• [Exercise]: Give the count of lines in the records below that contain "lineweight", with no other words.

Stored entries
►

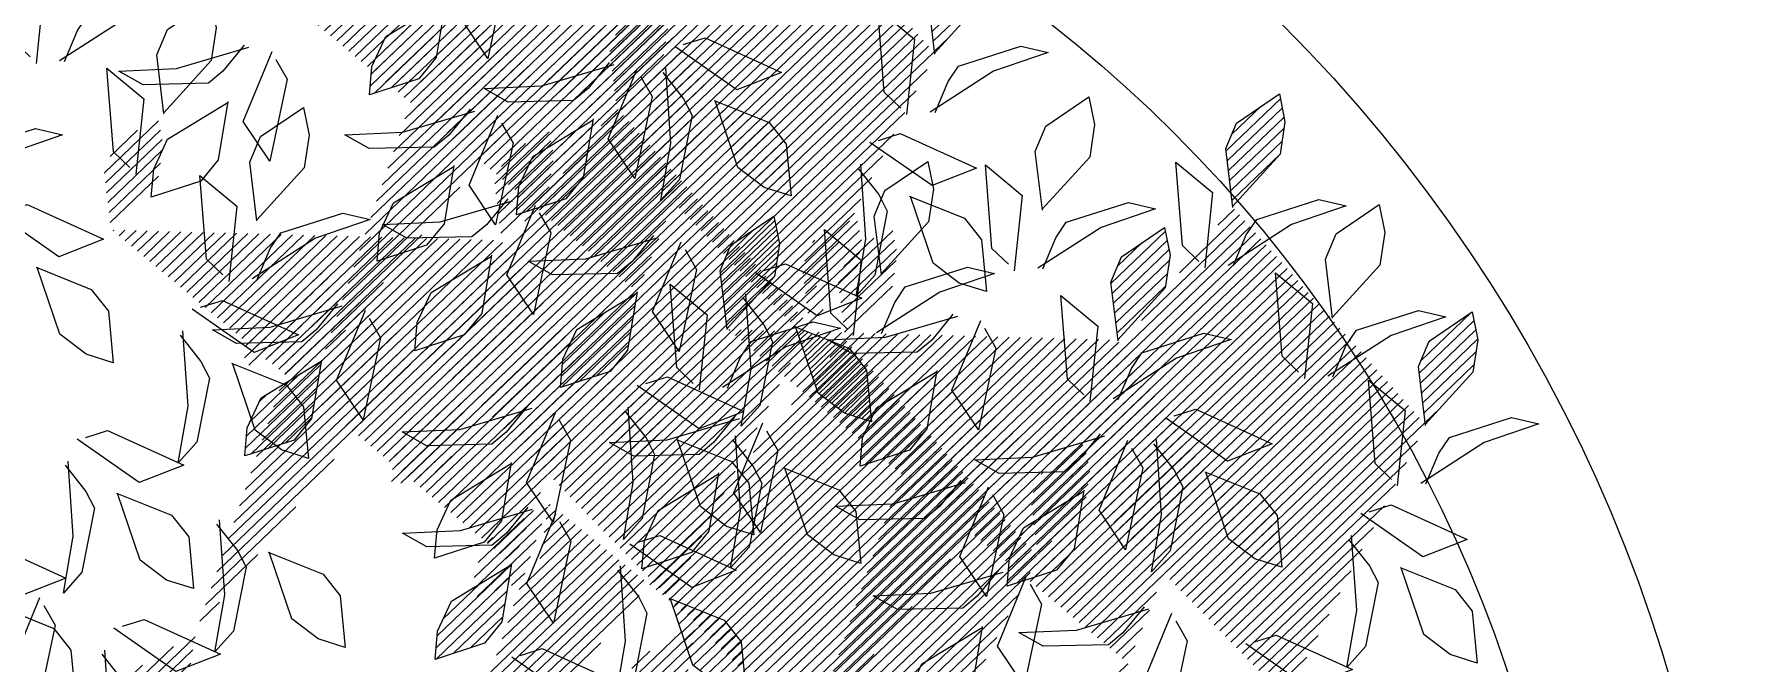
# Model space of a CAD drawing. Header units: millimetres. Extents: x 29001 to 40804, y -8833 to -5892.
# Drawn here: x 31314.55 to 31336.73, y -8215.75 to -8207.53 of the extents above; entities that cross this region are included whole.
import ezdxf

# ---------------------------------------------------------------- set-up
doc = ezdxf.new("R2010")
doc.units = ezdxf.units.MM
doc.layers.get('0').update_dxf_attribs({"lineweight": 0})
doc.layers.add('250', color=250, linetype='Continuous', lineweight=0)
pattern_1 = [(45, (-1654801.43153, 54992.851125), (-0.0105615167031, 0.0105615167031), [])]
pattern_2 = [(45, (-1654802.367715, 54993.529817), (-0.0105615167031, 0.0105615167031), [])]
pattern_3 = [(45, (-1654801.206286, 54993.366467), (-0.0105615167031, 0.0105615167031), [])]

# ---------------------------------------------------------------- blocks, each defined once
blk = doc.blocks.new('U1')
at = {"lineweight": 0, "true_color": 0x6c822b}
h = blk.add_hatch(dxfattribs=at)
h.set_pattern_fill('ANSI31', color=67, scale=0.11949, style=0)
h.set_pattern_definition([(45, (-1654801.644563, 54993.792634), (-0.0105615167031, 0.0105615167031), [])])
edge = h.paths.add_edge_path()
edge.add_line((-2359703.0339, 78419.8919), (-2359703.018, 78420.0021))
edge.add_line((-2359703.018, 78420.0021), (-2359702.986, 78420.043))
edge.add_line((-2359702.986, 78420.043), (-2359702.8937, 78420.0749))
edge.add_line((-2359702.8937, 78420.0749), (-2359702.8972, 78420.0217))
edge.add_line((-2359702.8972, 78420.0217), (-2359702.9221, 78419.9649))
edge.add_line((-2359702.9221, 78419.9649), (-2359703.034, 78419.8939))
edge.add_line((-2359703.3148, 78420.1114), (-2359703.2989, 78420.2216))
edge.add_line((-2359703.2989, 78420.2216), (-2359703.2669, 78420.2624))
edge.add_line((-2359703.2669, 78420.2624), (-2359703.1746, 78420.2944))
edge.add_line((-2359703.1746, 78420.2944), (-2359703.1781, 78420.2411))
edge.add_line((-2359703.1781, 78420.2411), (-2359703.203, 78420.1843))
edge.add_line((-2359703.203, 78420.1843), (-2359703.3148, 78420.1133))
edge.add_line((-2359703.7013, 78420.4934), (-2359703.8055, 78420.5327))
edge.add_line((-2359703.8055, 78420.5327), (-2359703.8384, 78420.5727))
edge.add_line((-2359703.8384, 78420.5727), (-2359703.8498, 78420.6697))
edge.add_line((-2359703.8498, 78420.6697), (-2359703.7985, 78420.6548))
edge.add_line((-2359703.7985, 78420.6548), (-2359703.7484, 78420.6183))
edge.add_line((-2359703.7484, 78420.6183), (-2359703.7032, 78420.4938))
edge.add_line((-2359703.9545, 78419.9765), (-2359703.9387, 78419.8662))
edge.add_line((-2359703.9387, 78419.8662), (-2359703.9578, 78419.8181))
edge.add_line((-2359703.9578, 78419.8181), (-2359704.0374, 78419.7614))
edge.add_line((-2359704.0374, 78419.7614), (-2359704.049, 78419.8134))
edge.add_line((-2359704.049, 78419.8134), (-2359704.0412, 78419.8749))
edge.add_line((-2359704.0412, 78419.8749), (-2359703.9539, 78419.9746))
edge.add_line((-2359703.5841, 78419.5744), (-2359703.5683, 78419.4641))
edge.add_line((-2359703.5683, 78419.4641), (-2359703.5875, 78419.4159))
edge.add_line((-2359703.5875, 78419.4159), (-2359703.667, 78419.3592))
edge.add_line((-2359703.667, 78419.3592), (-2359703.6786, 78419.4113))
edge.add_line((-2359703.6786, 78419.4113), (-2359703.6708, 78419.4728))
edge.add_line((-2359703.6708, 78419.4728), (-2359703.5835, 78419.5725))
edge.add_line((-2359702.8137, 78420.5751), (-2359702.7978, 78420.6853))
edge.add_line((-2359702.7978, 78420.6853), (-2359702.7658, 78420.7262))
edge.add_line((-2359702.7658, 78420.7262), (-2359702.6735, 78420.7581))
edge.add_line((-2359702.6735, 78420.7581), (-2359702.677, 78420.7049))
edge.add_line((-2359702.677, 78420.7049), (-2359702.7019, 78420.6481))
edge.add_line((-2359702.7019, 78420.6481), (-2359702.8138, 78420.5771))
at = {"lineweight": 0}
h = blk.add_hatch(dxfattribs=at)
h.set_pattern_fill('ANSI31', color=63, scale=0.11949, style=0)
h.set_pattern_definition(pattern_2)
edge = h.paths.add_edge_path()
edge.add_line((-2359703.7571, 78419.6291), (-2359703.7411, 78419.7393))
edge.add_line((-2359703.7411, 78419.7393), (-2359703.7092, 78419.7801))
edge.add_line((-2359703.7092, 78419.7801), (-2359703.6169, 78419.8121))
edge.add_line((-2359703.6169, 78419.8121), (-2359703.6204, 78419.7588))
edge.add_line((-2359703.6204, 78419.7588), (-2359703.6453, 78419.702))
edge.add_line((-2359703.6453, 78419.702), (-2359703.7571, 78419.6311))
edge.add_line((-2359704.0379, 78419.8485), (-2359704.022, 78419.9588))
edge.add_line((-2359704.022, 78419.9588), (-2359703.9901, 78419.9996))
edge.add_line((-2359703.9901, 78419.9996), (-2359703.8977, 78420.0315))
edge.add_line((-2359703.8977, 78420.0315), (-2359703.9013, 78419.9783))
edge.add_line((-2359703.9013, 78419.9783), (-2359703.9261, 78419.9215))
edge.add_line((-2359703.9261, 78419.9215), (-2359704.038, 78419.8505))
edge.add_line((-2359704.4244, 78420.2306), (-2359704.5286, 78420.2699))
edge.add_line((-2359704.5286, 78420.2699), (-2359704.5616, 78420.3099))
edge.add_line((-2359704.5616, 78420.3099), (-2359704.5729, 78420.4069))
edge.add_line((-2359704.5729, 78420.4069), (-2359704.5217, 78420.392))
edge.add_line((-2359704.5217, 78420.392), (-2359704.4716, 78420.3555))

◄

• [Problem solution]: 4